Corsica is a borough in Jefferson County, Pennsylvania, United States. As of the 2020 census, Corsica had a population of 319. It was named for the island of Corsica, birthplace of Napoleon Bonaparte. The mayor of the borough is Dave Leadbetter.

==History==
Corsica suffered a devastating fire in 1873, which destroyed most of the town's businesses and residences.

==Geography==
Corsica is located in western Jefferson County. Its western border is the Clarion County line.

U.S. Route 322 passes through the center of town as Main Street, and leads east 6 mi to Brookville, the Jefferson county seat, and west 10 mi to Clarion. Interstate 80 passes just north of the borough limits, with access from Exit 73 (Pennsylvania Route 949). I-80 leads east 27 mi to DuBois and west 54 mi to Interstate 79 near Mercer. PA 949 leads northeast 8 mi to Sigel and south 5 mi to Summerville.

According to the United States Census Bureau, the borough of Corsica has a total area of 1.04 km2, all land.

==Demographics==

As of the census of 2000, there were 354 people, 145 households, and 94 families residing in the borough. The population density was 758.9 PD/sqmi. There were 157 housing units at an average density of 336.6 /sqmi. The racial makeup of the borough was 98.59% White, 0.85% Asian, and 0.56% from two or more races.

There were 145 households, out of which 30.3% had children under the age of 18 living with them, 55.2% were married couples living together, 4.8% had a female householder with no husband present, and 34.5% were non-families. 30.3% of all households were made up of individuals, and 11.7% had someone living alone who was 65 years of age or older. The average household size was 2.44 and the average family size was 3.08.

In the borough the population was spread out, with 26.6% under the age of 18, 11.0% from 18 to 24, 28.0% from 25 to 44, 20.3% from 45 to 64, and 14.1% who were 65 years of age or older. The median age was 34 years. For every 100 females there were 114.5 males. For every 100 females age 18 and over, there were 101.6 males.

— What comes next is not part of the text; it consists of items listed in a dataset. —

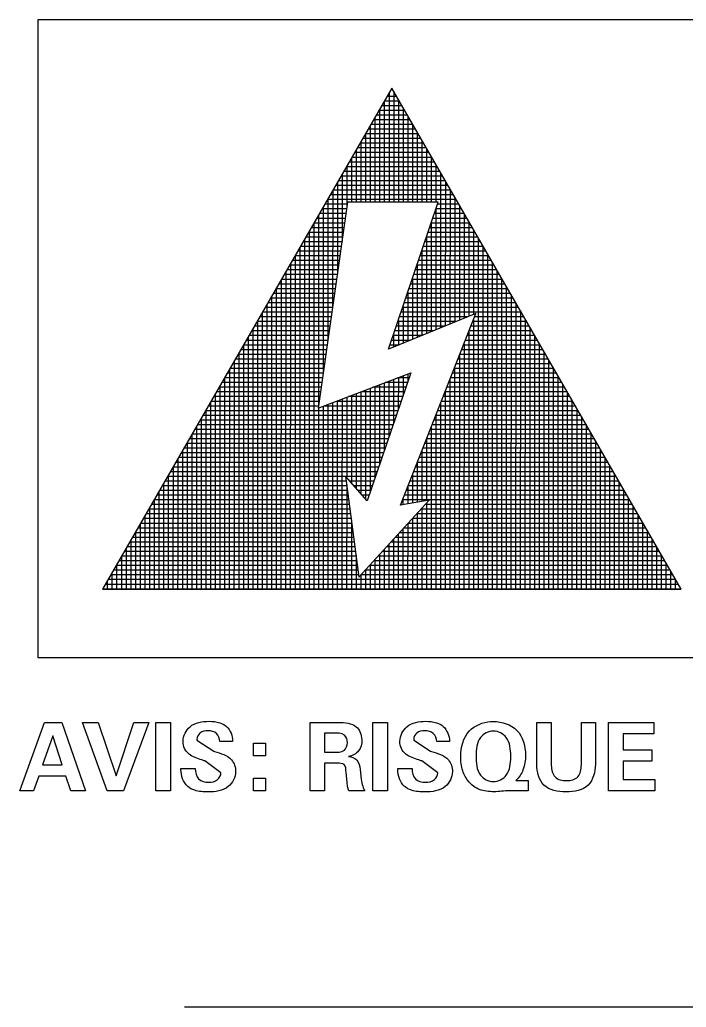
# Model space of a CAD drawing. Header units: inches. Extents: x 0 to 34, y 0 to 22.
# Drawn here: x 7.926 to 8.413, y 2.389 to 3.112 of the extents above; entities that cross this region are included whole.
import ezdxf

# ---------------------------------------------------------------- set-up
doc = ezdxf.new("R2010")
doc.units = ezdxf.units.IN
doc.header["$LTSCALE"] = 1.87
doc.header["$MEASUREMENT"] = 0
doc.layers.get('0').update_dxf_attribs({"linetype": 'CONTINUOUS'})

msp = doc.modelspace()

# ---------------------------------------------------------------- linework, layer by layer
at = {"color": 5}
for p, q in [((7.9388, 3.112), (7.9388, 2.64503)), ((9.69913, 3.112), (7.9388, 3.112)), ((8.19789, 3.06185), (7.9862, 2.69518)), ((8.40958, 2.69518), (8.19789, 3.06185)), ((8.19931, 3.0594), (8.19928, 2.97841)), ((8.19243, 3.05239), (8.19241, 2.97841)), ((8.2033, 3.05248), (8.19248, 3.05248)), ((8.20131, 3.05591), (8.19447, 3.05591)), ((8.19587, 3.05834), (8.19585, 2.97841)), ((8.20274, 3.05345), (8.20272, 2.97841)), ((8.20727, 3.04561), (8.18852, 3.04561)), ((8.189, 3.04644), (8.18897, 2.97841)), ((8.20528, 3.04904), (8.1905, 3.04904)), ((8.20617, 3.0475), (8.20615, 2.97841)), ((8.21124, 3.03874), (8.18455, 3.03874)), ((8.18556, 3.04048), (8.18554, 2.97841)), ((8.20925, 3.04217), (8.18653, 3.04217)), ((8.20961, 3.04155), (8.20959, 2.97841)), ((8.2152, 3.03187), (8.18058, 3.03187)), ((8.18212, 3.03453), (8.1821, 2.97841)), ((8.21322, 3.0353), (8.18257, 3.0353)), ((8.21304, 3.03561), (8.21302, 2.97841)), ((8.21648, 3.02966), (8.21646, 2.97841)), ((8.17524, 3.02262), (8.17523, 2.97841)), ((8.21917, 3.025), (8.17661, 3.025)), ((8.21718, 3.02843), (8.1786, 3.02843)), ((8.17868, 3.02857), (8.17867, 2.97841)), ((8.2199, 3.02371), (8.21989, 2.97841)), ((8.17181, 3.01667), (8.17179, 2.97841)), ((8.22313, 3.01812), (8.17265, 3.01812)), ((8.22115, 3.02156), (8.17463, 3.02156)), ((8.22334, 3.01777), (8.22333, 2.97841)), ((8.22909, 3.00782), (8.1667, 3.00782)), ((8.16837, 3.01072), (8.16836, 2.97841)), ((8.2271, 3.01125), (8.16868, 3.01125)), ((8.22512, 3.01469), (8.17066, 3.01469)), ((8.22677, 3.01182), (8.22676, 2.97841)), ((8.23305, 3.00094), (8.16273, 3.00094)), ((8.23107, 3.00438), (8.16472, 3.00438)), ((8.16493, 3.00476), (8.16492, 2.97399)), ((8.23021, 3.00587), (8.2302, 2.97841)), ((8.23702, 2.99407), (8.15876, 2.99407)), ((8.23503, 2.99751), (8.16075, 2.99751)), ((8.1615, 2.99881), (8.16148, 2.94989)), ((8.23364, 2.99992), (8.23361, 2.88626)), ((8.23708, 2.99398), (8.23705, 2.88767)), ((8.15462, 2.9869), (8.1546, 2.9017)), ((8.24099, 2.9872), (8.15479, 2.9872)), ((8.239, 2.99064), (8.15678, 2.99064)), ((8.15806, 2.99285), (8.15804, 2.9258)), ((8.24051, 2.98803), (8.24048, 2.88907)), ((8.24495, 2.98033), (8.15083, 2.98033)), ((8.15118, 2.98095), (8.15115, 2.87761)), ((8.24297, 2.98377), (8.15281, 2.98377)), ((8.24394, 2.98208), (8.24392, 2.89048)), ((8.16556, 2.97841), (8.14401, 2.82762)), ((8.16485, 2.97346), (8.14686, 2.97346)), ((8.14775, 2.975), (8.14771, 2.85351)), ((8.16534, 2.9769), (8.14885, 2.9769)), ((8.23177, 2.97841), (8.16556, 2.97841)), ((8.19559, 2.8707), (8.23177, 2.97841)), ((8.24892, 2.97346), (8.23011, 2.97346)), ((8.2302, 2.97372), (8.23017, 2.88485)), ((8.24694, 2.9769), (8.23127, 2.9769)), ((8.24738, 2.97613), (8.24735, 2.89189)), ((8.16387, 2.96659), (8.14289, 2.96659)), ((8.14431, 2.96904), (8.14427, 2.82942)), ((8.16436, 2.97003), (8.14488, 2.97003)), ((8.25289, 2.96659), (8.2278, 2.96659)), ((8.2509, 2.97003), (8.22896, 2.97003)), ((8.25081, 2.97019), (8.25079, 2.89329)), ((8.16289, 2.95972), (8.13893, 2.95972)), ((8.14087, 2.96309), (8.14081, 2.73876)), ((8.16338, 2.96316), (8.14091, 2.96316)), ((8.25685, 2.95972), (8.2255, 2.95972)), ((8.25487, 2.96316), (8.22665, 2.96316)), ((8.22676, 2.96348), (8.22674, 2.88345)), ((8.25424, 2.96424), (8.25422, 2.8947)), ((8.25768, 2.95829), (8.25766, 2.89611)), ((8.134, 2.95118), (8.13392, 2.69518)), ((8.1619, 2.95285), (8.13496, 2.95285)), ((8.16239, 2.95628), (8.13694, 2.95628)), ((8.13744, 2.95713), (8.13737, 2.73779)), ((8.26082, 2.95285), (8.22319, 2.95285)), ((8.22332, 2.95325), (8.2233, 2.88204)), ((8.25884, 2.95628), (8.22434, 2.95628)), ((8.26111, 2.95235), (8.26104, 2.69518)), ((8.13056, 2.94523), (8.13049, 2.69518)), ((8.16092, 2.94598), (8.131, 2.94598)), ((8.16141, 2.94941), (8.13298, 2.94941)), ((8.21989, 2.94301), (8.21987, 2.88063)), ((8.26479, 2.94598), (8.22088, 2.94598)), ((8.26281, 2.94941), (8.22203, 2.94941)), ((8.26455, 2.9464), (8.26447, 2.69518)), ((8.15945, 2.93567), (8.12504, 2.93567)), ((8.15994, 2.93911), (8.12703, 2.93911)), ((8.12713, 2.93927), (8.12705, 2.69518)), ((8.16043, 2.94254), (8.12901, 2.94254)), ((8.27074, 2.93567), (8.21742, 2.93567)), ((8.26876, 2.93911), (8.21857, 2.93911)), ((8.26677, 2.94254), (8.21972, 2.94254)), ((8.26798, 2.94045), (8.26791, 2.69518)), ((8.15847, 2.9288), (8.12108, 2.9288)), ((8.15896, 2.93224), (8.12306, 2.93224)), ((8.12369, 2.93332), (8.12362, 2.69518)), ((8.2747, 2.9288), (8.21511, 2.9288)), ((8.27272, 2.93224), (8.21626, 2.93224)), ((8.21644, 2.93278), (8.21643, 2.87923)), ((8.27141, 2.9345), (8.27134, 2.69518)), ((8.27485, 2.92855), (8.27478, 2.69518)), ((8.11681, 2.92141), (8.11675, 2.69518)), ((8.15749, 2.92193), (8.11711, 2.92193)), ((8.15798, 2.92537), (8.11909, 2.92537)), ((8.12025, 2.92737), (8.12019, 2.73295)), ((8.27867, 2.92193), (8.2128, 2.92193)), ((8.21301, 2.92254), (8.21299, 2.87782)), ((8.27669, 2.92537), (8.21396, 2.92537)), ((8.27828, 2.92261), (8.27822, 2.69518)), ((8.1565, 2.91506), (8.11314, 2.91506)), ((8.11337, 2.91546), (8.11331, 2.69518)), ((8.157, 2.91849), (8.11513, 2.91849)), ((8.28264, 2.91506), (8.21049, 2.91506)), ((8.28066, 2.91849), (8.21165, 2.91849)), ((8.28172, 2.91666), (8.28165, 2.69518)), ((8.15552, 2.90819), (8.10918, 2.90819)), ((8.10994, 2.90951), (8.10989, 2.73004)), ((8.15601, 2.91162), (8.11116, 2.91162)), ((8.28661, 2.90819), (8.20818, 2.90819)), ((8.28462, 2.91162), (8.20934, 2.91162)), ((8.20957, 2.91231), (8.20956, 2.87641)), ((8.28515, 2.91071), (8.28509, 2.69518)), ((8.15454, 2.90131), (8.10521, 2.90131)), ((8.1065, 2.90355), (8.10645, 2.72907)), ((8.15503, 2.90475), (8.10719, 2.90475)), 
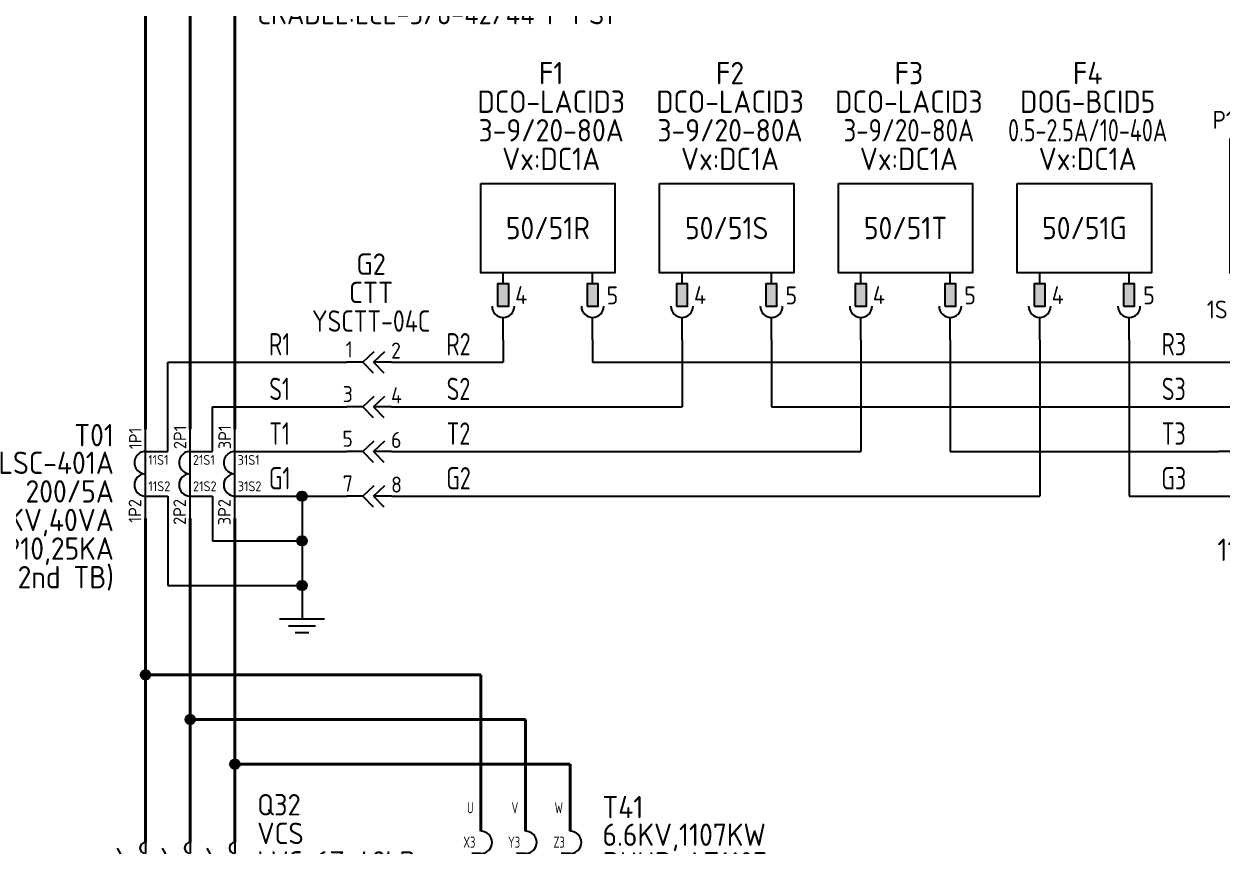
# Model space of a CAD drawing. Header units: millimetres. Extents: x 0 to 556, y 1 to 306.
# Drawn here: x 68.9 to 202.9, y 128.3 to 220.3 of the extents above; entities that cross this region are included whole.
import ezdxf
from ezdxf.enums import TextEntityAlignment as Align

# ---------------------------------------------------------------- set-up
doc = ezdxf.new("R2010")
doc.units = ezdxf.units.MM
doc.linetypes.add('JIS_02_0.7', pattern=[1.35, 0.75, -0.6])
doc.layers.add('BUS&POWER CABLE', color=2, linetype='Continuous', lineweight=40)
for name, color, linetype in [('MISC', 7, 'Continuous'), ('SYMS', 7, 'Continuous'), ('TAGS', 7, 'Continuous'), ('TERMS', 7, 'Continuous'), ('WIRE(DEFAULT)', 7, 'Continuous'), ('WIREFIXED', 7, 'Continuous')]:
    doc.layers.add(name, color=color, linetype=linetype)
doc.styles.add('SIMPLEX', font='simplex')
doc.styles.get("Standard").update_dxf_attribs({"font": 'txt.shx', "height": 2.4, "bigfont": 'whgtxt.shx'})
doc.styles.add('WD', font='ISOCP2.shx')
doc.styles.add('WD_IEC', font='ISOCP2.shx', dxfattribs={"width": 1.1, "height": 2.4, "bigfont": 'whgtxt.shx'})

# ---------------------------------------------------------------- blocks, each defined once
blk = doc.blocks.new('VG21_OCR1')
for p, q in [((-5, -6.25), (-5, -5)), ((5, -6.25), (5, -5)), ((-5, -12.5), (-5, -10)), ((5, -12.5), (5, -10))]:
    blk.add_line(p, q)
for points in [[(-7.5, 5), (7.5, 5), (7.5, -5), (-7.5, -5)], [(-5.62, -8.75), (-4.38, -8.75), (-4.38, -6.25), (-5.62, -6.25)], [(4.38, -8.75), (5.62, -8.75), (5.62, -6.25), (4.38, -6.25)]]:
    blk.add_lwpolyline(points, close=True)
for centre in [(-5, -8.75), (5, -8.75)]:
    blk.add_arc(centre, 1.25, 180, 0)
for points in [[(-5.62, -6.25), (-5.62, -8.75), (-4.38, -6.25), (-4.38, -8.75)], [(4.38, -6.25), (4.38, -8.75), (5.62, -6.25), (5.62, -8.75)]]:
    blk.add_solid(points)
at = {"style": 'WD'}
for tag, p in [('TAG1', (0.37, 15.34)), ('RATING11', (0.37, 12.14)), ('RATING1', (0.37, 8.94)), ('RATING2', (0.37, 5.74))]:
    blk.add_attdef(tag, text='', height=2.5, dxfattribs=at).set_placement(p, align=Align.BOTTOM_CENTER)
at = {"style": 'WD', "flags": 1}
for tag, p in [('INST', (-10.31, 1.22)), ('LOC', (-10.35, -0.14)), ('CAT', (-10.33, -1.49)), ('FAMILY', (-10.23, -2.87)), ('MFG', (-10.29, -4.28)), ('ASSYCODE', (-10.35, -5.64))]:
    blk.add_attdef(tag, text='', height=1, dxfattribs=at).set_placement(p, align=Align.RIGHT)
at = {"style": 'WD'}
blk.add_attdef('RATING12', text='', height=2.5, dxfattribs=at).set_placement((0, 0), align=Align.MIDDLE_CENTER)
at = {"linetype": 'Continuous', "style": 'WD'}
for tag, p in [('TERM01', (-3.66, -8.5)), ('TERM02', (6.57, -8.54))]:
    blk.add_attdef(tag, p, '', height=2, dxfattribs=at)
at = {"style": 'WD', "flags": 1}
for tag, p in [('X8TERM01', (-5, -12.5)), ('X8TERM02', (5, -12.5))]:
    blk.add_attdef(tag, p, '', height=0.32, dxfattribs=at)
blk = doc.blocks.new('HT51_TTM1')
at = {"layer": 'SYMS'}
for p, q in [((-0.7, 0), (-2.5, 0)), ((-0.7, 0), (0.56, 1.2)), ((-0.7, 0), (0.45, -1.2)), ((0.5, 0), (1.76, 1.2)), ((2.5, 0), (0.5, 0)), ((0.5, 0), (1.65, -1.2))]:
    blk.add_line(p, q, dxfattribs=at)
at = {"style": 'WD_IEC'}
for tag, p in [('TAG1', (0.23, 10.96)), ('RATING12', (0.23, 7.79)), ('RATING11', (0.23, 4.59))]:
    blk.add_attdef(tag, text='', height=2.4, dxfattribs=at).set_placement(p, align=Align.MIDDLE_CENTER)
blk.add_attdef('TERM01', text='', height=1.8, dxfattribs=at).set_placement((-1.81, 0.52), align=Align.RIGHT)
blk.add_attdef('TERM02', (2.46, 0.39), '', height=1.8, dxfattribs=at)
at = {"style": 'WD', "flags": 1}
for tag, p in [('X4TERM01', (-2.5, 0)), ('X1TERM02', (2.5, 0))]:
    blk.add_attdef(tag, p, '', height=0.08, dxfattribs=at)
at = {"style": 'WD_IEC', "flags": 1}
for tag, p in [('INST', (-3.15, -3.28)), ('LOC', (-3.18, -4.58)), ('FAMILY', (-3.05, -5.97)), ('MFG', (-2.98, -7.5)), ('CAT', (-3.01, -8.8)), ('ASSYCODE', (-2.88, -10.19)), ('CAT01', (-2.88, -11.59)), ('CAT02', (-2.88, -13.05))]:
    blk.add_attdef(tag, text='', height=1, dxfattribs=at).set_placement(p, align=Align.RIGHT)
blk = doc.blocks.new('HT52_TTM1')
at = {"layer": 'SYMS'}
for p, q in [((-0.7, 0), (-2.5, 0)), ((-0.7, 0), (0.56, 1.2)), ((-0.7, 0), (0.45, -1.2)), ((0.5, 0), (1.76, 1.2)), ((2.5, 0), (0.5, 0)), ((0.5, 0), (1.65, -1.2))]:
    blk.add_line(p, q, dxfattribs=at)
at = {"style": 'WD_IEC', "flags": 1}
for tag, p in [('TAG2', (0.23, 10.96)), ('RATING12', (0.23, 7.79)), ('RATING11', (0.23, 4.59))]:
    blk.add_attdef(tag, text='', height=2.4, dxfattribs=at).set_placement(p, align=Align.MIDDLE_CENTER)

The median income for a household in the borough was $30,625, and the median income for a family was $38,438. Males had a median income of $27,813 versus $18,125 for females. The per capita income for the borough was $13,752. About 7.1% of families and 11.0% of the population were below the poverty line, including 8.2% of those under age 18 and 17.8% of those age 65 or over.

Historical population
| Census | Pop. | Note | %± |
| 1860 | 249 |  | — |
| 1870 | 372 |  | 49.4% |
| 1880 | 391 |  | 5.1% |
| 1890 | 338 |  | −13.6% |
| 1900 | 293 |  | −13.3% |
| 1910 | 301 |  | 2.7% |
| 1920 | 358 |  | 18.9% |
| 1930 | 391 |  | 9.2% |
| 1940 | 481 |  | 23.0% |
| 1950 | 421 |  | −12.5% |
| 1960 | 431 |  | 2.4% |
| 1970 | 374 |  | −13.2% |
| 1980 | 381 |  | 1.9% |
| 1990 | 337 |  | −11.5% |
| 2000 | 354 |  | 5.0% |
| 2010 | 357 |  | 0.8% |
| 2020 | 319 |  | −10.6% |
Sources:

==Education==
The Clarion-Limestone Area School District provides kindergarten through 12th grade public education for the community. Clarion-Limestone Area School District operates two schools, Clarion-Limestone Jr/Sr High School (7th-12th) and Clarion-Limestone Elementary School (K-6th).

==Infrastructure==
The borough is home to the Corsica Volunteer Fire Department.